We would like to point out some limitations and points of discussions of CoDe-Graph. The graphical template was designed to be able to accommodate a variety of course formats and indeed the co-design processes resulted in a wide breadth of instructional designs. While the graphical template could be applied in versatile ways, it is not pedagogically neutral. The mere presence of social levels intentionally encourages consideration of combining different learning arrangements. In addition, the distinction between LO and ELOs seemed to have a similar effect with groups brainstorming possible ELOs that would fit their context. In this way, CoDe-Graph reflects the ambivalence of co-design of both, involving stakeholders to freely create and design instruction, and at the same time providing some level of guidance to scaffold the process—here, to suggest design elements and patterns through the components of the language. Nevertheless, the designs, and eventually resulting courses, were highly individual and tailored to the communities they served. So, the language can express a variety of designs. Noticeably, the emerging designs line up on a dimension between x- and cMOOC and it might be interesting to consider more qualities and types of designs of MOOCs to understand how CoDe-Graph would be able to express multiple design types.

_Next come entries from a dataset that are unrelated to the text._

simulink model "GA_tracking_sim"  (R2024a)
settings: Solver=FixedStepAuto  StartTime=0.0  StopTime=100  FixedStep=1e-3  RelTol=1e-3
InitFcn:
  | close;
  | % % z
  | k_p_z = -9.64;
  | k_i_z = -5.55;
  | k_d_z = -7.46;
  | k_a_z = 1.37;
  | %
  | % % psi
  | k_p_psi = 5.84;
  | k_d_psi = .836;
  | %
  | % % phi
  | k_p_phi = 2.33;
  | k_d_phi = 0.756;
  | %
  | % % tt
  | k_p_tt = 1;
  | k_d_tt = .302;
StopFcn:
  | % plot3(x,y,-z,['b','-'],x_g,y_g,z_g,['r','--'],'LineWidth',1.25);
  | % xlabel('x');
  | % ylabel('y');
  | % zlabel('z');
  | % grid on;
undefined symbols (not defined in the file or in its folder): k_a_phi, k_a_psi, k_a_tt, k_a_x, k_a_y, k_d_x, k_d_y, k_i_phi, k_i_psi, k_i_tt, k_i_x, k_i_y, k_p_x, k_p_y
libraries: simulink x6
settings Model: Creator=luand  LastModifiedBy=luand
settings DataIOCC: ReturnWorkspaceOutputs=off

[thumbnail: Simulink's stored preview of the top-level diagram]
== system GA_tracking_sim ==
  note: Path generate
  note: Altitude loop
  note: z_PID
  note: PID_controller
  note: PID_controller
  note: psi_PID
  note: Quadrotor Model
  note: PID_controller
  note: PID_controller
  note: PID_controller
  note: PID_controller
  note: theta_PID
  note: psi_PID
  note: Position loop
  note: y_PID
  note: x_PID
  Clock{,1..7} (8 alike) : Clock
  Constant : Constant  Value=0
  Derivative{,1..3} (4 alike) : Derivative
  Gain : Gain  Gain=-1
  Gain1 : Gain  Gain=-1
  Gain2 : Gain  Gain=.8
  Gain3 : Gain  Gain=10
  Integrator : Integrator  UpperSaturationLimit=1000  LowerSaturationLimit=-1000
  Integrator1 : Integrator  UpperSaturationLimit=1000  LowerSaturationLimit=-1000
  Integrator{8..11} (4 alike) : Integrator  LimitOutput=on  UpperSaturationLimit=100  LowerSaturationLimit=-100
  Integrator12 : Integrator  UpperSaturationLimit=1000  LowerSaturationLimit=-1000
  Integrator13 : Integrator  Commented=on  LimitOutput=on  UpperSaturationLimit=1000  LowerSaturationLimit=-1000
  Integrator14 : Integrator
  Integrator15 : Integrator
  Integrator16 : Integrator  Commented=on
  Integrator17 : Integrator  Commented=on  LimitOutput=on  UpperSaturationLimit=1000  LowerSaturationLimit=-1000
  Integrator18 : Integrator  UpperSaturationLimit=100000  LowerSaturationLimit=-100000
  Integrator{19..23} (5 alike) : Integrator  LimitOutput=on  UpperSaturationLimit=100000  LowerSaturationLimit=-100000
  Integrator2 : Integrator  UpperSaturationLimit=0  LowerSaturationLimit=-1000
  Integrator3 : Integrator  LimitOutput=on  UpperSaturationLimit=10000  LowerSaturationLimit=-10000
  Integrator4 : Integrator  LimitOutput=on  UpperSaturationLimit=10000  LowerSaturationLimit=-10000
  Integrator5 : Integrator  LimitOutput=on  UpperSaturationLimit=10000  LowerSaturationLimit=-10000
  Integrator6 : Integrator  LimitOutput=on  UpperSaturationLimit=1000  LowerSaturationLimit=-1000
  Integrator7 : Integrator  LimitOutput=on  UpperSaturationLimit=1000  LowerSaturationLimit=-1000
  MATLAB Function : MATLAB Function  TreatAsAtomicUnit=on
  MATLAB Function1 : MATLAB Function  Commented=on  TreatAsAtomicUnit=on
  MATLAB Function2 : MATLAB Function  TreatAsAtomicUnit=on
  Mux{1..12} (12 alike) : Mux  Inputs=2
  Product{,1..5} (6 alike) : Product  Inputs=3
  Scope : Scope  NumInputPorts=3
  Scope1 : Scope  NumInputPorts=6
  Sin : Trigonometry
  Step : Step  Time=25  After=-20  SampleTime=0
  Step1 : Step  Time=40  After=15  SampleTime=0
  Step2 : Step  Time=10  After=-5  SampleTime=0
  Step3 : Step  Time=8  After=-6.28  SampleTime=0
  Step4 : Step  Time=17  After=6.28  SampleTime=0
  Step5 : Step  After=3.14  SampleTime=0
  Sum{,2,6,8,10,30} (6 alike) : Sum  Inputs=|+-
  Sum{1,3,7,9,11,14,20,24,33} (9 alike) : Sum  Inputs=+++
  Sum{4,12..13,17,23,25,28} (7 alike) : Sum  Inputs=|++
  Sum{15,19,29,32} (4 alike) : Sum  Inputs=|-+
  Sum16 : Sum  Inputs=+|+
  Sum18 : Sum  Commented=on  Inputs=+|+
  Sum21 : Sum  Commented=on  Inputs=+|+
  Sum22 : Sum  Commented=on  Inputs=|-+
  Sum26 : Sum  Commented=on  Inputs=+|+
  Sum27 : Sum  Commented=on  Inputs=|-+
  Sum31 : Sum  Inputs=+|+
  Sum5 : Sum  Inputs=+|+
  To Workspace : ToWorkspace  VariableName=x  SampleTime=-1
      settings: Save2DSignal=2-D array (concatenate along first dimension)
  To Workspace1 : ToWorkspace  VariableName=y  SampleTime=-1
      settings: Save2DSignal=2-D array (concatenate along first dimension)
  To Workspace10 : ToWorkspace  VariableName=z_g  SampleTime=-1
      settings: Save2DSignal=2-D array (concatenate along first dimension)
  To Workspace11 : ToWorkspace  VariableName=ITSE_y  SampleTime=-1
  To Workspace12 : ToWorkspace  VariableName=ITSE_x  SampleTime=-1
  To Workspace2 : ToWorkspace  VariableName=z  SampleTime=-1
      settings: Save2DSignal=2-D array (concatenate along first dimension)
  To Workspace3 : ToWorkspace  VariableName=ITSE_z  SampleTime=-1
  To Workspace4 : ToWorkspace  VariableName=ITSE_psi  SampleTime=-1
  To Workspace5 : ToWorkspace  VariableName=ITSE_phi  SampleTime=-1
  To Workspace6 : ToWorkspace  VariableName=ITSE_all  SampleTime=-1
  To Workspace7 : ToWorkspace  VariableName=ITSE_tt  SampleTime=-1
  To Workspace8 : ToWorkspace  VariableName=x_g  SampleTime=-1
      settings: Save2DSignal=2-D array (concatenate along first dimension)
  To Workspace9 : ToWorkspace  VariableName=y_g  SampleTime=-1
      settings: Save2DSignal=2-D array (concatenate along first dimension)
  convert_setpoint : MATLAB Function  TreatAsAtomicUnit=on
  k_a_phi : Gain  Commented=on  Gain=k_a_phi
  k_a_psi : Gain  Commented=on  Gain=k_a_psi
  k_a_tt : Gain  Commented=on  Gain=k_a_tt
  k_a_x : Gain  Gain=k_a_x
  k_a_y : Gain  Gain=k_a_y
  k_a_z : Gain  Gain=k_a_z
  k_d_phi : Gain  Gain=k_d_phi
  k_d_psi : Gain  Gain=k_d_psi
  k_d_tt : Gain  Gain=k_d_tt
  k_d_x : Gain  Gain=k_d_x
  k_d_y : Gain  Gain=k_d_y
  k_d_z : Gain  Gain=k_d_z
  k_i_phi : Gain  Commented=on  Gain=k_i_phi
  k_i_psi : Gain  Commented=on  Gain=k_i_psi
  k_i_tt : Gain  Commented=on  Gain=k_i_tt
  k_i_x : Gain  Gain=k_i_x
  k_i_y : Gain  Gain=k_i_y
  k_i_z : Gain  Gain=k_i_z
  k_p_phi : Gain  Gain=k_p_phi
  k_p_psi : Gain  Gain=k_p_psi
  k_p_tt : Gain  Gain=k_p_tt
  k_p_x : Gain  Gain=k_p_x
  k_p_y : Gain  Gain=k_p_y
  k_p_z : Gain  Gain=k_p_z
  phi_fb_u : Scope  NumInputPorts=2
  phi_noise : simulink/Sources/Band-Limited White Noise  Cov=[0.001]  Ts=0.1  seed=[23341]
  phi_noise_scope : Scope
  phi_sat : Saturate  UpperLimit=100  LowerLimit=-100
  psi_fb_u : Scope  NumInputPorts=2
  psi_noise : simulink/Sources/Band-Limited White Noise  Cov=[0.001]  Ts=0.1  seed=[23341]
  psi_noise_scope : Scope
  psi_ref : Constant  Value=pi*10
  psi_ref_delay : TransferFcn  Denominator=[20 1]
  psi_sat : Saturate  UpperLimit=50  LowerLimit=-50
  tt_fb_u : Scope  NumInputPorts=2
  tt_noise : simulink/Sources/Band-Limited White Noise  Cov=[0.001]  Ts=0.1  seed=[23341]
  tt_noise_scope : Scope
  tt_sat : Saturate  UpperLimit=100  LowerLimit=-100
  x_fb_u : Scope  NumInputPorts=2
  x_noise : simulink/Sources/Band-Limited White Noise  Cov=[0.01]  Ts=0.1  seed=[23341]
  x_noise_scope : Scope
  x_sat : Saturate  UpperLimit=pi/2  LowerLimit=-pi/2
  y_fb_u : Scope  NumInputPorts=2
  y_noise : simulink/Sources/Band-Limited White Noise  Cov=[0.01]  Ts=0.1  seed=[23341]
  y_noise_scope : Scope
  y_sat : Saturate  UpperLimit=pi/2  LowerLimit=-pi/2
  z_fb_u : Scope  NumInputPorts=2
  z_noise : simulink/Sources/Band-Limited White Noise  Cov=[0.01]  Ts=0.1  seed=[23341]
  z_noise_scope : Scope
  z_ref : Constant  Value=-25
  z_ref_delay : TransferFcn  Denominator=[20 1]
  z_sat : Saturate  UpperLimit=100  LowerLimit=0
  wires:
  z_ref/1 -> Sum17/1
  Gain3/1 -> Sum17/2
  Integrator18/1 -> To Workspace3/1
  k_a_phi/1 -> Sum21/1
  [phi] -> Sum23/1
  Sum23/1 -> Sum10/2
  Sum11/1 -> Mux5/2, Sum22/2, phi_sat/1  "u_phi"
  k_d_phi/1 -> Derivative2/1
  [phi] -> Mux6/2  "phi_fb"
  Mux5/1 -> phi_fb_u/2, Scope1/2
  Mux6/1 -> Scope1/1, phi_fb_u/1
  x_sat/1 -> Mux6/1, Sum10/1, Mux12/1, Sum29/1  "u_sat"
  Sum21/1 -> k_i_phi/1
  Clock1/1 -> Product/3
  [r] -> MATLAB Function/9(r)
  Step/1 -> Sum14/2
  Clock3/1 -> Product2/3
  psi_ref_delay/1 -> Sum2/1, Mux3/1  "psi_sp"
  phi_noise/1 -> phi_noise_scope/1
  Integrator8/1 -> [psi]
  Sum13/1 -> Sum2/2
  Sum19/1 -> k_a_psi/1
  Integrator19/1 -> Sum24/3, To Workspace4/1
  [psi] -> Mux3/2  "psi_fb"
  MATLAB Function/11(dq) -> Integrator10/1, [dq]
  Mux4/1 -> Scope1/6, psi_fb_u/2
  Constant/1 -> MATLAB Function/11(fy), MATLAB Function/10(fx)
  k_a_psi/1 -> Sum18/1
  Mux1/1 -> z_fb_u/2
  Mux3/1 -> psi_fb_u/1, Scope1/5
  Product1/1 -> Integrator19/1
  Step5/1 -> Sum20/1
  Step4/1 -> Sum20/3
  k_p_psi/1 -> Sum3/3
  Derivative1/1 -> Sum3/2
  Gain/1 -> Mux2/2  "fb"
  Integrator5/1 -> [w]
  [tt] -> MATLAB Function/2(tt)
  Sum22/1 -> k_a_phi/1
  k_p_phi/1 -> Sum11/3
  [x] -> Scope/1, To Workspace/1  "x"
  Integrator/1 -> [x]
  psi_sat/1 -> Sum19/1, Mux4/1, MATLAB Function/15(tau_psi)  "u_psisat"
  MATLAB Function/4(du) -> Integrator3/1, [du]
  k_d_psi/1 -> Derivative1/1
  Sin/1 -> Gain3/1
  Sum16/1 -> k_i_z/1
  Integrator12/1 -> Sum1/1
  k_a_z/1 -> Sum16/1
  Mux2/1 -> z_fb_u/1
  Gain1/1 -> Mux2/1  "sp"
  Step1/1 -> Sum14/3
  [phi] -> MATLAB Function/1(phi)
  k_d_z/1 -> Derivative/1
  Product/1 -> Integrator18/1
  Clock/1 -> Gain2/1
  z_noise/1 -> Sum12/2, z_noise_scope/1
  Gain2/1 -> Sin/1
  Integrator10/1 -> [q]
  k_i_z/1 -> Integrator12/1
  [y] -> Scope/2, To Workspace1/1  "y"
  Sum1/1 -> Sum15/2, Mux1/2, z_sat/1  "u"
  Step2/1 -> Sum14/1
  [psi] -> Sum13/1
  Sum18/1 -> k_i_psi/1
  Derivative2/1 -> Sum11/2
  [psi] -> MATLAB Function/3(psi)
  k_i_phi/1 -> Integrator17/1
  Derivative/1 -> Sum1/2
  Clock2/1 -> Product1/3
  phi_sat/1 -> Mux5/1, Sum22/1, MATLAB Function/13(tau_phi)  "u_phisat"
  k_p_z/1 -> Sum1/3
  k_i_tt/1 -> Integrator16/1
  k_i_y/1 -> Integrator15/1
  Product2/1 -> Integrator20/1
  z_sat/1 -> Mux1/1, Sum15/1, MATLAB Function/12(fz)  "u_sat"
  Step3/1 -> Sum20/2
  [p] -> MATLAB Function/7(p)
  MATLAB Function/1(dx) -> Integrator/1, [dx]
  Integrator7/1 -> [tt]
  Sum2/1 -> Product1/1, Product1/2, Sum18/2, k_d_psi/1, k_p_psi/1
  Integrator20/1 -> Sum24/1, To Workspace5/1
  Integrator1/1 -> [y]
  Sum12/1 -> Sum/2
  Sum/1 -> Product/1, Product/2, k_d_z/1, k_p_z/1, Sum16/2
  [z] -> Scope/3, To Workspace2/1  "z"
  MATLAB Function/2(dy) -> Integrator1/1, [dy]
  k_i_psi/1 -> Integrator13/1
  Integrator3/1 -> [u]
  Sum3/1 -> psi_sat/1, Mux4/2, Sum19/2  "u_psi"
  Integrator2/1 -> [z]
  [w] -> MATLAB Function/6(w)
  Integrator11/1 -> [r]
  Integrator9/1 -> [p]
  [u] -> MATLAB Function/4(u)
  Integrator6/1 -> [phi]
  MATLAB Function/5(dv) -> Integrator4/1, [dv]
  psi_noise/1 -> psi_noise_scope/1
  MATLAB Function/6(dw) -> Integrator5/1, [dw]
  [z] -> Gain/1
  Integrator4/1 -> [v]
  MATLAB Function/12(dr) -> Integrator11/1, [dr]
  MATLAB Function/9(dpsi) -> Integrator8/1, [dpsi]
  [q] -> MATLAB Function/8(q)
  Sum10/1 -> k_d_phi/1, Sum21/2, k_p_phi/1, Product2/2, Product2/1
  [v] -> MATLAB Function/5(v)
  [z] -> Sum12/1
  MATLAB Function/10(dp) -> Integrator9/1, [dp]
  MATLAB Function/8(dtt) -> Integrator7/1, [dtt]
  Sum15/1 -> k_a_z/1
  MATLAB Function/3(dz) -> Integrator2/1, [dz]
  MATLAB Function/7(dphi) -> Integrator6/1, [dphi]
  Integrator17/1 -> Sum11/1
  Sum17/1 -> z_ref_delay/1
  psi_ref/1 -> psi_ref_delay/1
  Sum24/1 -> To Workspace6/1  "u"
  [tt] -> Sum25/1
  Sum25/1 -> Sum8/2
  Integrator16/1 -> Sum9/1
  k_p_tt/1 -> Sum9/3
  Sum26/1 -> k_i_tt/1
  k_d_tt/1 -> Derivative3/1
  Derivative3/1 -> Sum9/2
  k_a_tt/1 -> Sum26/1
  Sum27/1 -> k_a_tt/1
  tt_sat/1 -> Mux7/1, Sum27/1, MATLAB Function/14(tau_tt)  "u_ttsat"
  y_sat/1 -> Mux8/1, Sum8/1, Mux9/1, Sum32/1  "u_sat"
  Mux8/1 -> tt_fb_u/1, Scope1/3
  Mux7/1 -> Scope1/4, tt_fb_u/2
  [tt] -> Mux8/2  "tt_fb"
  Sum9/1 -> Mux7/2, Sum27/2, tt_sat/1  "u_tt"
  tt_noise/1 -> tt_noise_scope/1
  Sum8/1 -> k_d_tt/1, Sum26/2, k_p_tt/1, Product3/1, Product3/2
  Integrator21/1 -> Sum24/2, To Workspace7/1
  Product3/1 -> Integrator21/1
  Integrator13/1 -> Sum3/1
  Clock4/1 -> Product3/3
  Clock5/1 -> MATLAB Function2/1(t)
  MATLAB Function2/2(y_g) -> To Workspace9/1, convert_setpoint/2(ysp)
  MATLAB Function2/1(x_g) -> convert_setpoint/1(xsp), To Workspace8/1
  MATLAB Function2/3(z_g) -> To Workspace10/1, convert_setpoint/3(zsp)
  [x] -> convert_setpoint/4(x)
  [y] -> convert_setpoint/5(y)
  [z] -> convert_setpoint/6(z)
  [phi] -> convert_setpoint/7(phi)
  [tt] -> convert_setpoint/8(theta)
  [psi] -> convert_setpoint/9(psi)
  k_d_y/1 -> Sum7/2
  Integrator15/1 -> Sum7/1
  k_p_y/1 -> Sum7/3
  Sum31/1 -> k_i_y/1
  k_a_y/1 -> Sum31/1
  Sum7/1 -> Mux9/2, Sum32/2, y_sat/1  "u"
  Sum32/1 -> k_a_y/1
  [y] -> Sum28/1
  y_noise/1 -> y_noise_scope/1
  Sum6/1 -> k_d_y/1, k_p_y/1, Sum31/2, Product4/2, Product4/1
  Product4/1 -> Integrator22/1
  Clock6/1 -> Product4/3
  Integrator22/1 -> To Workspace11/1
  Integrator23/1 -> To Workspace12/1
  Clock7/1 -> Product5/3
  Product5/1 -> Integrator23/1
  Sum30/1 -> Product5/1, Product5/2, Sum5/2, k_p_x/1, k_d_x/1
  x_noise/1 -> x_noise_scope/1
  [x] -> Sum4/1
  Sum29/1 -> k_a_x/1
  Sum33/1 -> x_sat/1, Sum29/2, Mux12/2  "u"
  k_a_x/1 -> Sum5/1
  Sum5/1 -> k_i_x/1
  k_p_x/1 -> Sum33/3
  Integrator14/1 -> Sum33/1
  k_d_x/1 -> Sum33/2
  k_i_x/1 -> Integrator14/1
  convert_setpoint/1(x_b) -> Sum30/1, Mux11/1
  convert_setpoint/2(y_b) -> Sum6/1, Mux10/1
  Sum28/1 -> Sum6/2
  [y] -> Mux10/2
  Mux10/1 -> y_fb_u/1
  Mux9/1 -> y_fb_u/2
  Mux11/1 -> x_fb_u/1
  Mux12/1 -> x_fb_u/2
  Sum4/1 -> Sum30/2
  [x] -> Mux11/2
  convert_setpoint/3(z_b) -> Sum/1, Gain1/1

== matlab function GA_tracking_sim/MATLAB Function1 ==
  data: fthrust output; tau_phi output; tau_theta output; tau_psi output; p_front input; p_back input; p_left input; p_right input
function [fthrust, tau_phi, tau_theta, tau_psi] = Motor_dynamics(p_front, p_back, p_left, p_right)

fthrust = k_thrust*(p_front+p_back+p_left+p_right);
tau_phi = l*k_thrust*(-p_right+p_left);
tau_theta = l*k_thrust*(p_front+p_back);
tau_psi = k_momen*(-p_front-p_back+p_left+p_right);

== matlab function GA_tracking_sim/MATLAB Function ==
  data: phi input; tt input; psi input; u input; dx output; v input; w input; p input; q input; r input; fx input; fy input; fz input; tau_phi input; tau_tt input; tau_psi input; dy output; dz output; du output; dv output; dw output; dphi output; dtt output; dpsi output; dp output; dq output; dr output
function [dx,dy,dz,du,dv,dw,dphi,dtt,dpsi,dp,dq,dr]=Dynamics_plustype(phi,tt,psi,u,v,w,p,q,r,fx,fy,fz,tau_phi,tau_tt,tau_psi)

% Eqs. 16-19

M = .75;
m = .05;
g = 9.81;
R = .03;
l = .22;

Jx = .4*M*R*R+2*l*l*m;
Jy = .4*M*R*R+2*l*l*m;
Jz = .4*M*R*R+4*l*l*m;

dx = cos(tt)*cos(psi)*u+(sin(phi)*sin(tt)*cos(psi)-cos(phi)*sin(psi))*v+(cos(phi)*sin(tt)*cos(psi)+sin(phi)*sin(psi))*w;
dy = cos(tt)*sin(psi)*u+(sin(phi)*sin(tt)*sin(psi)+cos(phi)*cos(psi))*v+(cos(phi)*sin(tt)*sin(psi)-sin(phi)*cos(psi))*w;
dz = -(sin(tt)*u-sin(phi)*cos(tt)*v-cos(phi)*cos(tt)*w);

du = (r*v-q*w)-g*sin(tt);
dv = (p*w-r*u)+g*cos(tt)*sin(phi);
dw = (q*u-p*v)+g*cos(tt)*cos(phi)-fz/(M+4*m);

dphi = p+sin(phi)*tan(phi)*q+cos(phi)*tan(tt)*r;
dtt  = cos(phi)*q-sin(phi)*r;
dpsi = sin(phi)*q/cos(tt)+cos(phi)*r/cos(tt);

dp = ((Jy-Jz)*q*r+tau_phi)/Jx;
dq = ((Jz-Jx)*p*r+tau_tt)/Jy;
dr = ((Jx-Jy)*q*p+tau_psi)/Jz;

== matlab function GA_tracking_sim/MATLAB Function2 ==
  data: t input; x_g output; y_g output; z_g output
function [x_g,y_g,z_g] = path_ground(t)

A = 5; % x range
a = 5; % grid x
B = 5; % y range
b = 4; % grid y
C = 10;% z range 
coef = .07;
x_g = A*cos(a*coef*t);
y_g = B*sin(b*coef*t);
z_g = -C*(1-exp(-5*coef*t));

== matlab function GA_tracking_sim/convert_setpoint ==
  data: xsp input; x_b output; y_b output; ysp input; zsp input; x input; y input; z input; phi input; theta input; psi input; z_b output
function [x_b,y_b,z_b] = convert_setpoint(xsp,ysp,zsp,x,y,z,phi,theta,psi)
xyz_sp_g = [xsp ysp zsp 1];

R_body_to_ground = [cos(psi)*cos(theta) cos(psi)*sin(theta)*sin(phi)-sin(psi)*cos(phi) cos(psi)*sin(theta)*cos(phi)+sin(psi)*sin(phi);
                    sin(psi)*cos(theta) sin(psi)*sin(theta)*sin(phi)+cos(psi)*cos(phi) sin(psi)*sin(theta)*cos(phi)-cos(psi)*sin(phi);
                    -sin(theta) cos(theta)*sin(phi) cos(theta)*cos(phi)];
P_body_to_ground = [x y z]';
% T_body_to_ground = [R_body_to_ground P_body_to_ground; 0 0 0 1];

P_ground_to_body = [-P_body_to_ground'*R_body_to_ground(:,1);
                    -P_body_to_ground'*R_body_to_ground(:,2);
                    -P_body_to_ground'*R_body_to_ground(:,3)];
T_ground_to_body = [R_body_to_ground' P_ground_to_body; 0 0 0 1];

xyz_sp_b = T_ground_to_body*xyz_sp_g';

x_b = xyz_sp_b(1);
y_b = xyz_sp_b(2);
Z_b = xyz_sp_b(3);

Last, but not least, CoDe-Graph’s main feature is its simplicity, which allows it to be learned and applied instantly. This in turn comes with simplifications and caveats in comparison to other attempts of graphical design languages that would encompass and define any conceivable feature of the learning design and allow easy, i.e., direct coding for a technical learning platform (e.g., Dillenbourg, 2015). Still, CoDe-Graph remains versatile and simple to understand, while being non-ambiguous.

Future Research

The process model of co-design and CoDe-Graph was developed in the context of a European project facilitating the design and development of MOOCs for disadvantaged groups in South-East Asia, a context that particularly affords co-design for productively combining different types of insights and expertise. Both, the process model and CoDe-Graph have ever since been applied in multiple projects as well as COVID-19 emergency online learning design sessions to help develop different formats of online courses.

The high potential may lay in systematically combining the co-design approach with existing, formative approaches of instructional design in the future, such as SAM. This could lead to categorizing future approaches along the dimensions of how a design process is structured in time, including how the design process is iterative and reactive to assessment, and how a design process is distributed over different stakeholders, including who is feeding back information on the design’s successes and shortcomings. Specific value could lie in expanding co-design over multiple iterations. Future iterations of designs could then be informed by an enlarged group of stakeholders, including past and future students in an evaluation and re-design phase.

The next phase of our research will focus on improving our understanding of how these tools impact co-design interactions. Additionally, we seek to identify characteristics of design groups and sessions, which may impact the effectiveness of facilitating co-design teams with CoDe-Graph or similar design tools. Future research is also needed to investigate the relationship between levels of guidance and degrees of freedom in co-design, the dependencies of how domain, context, and design knowledge interact in processes of co-design, as well as on how co-design can realize goals of sustainable, accepted, and effective designs for learning.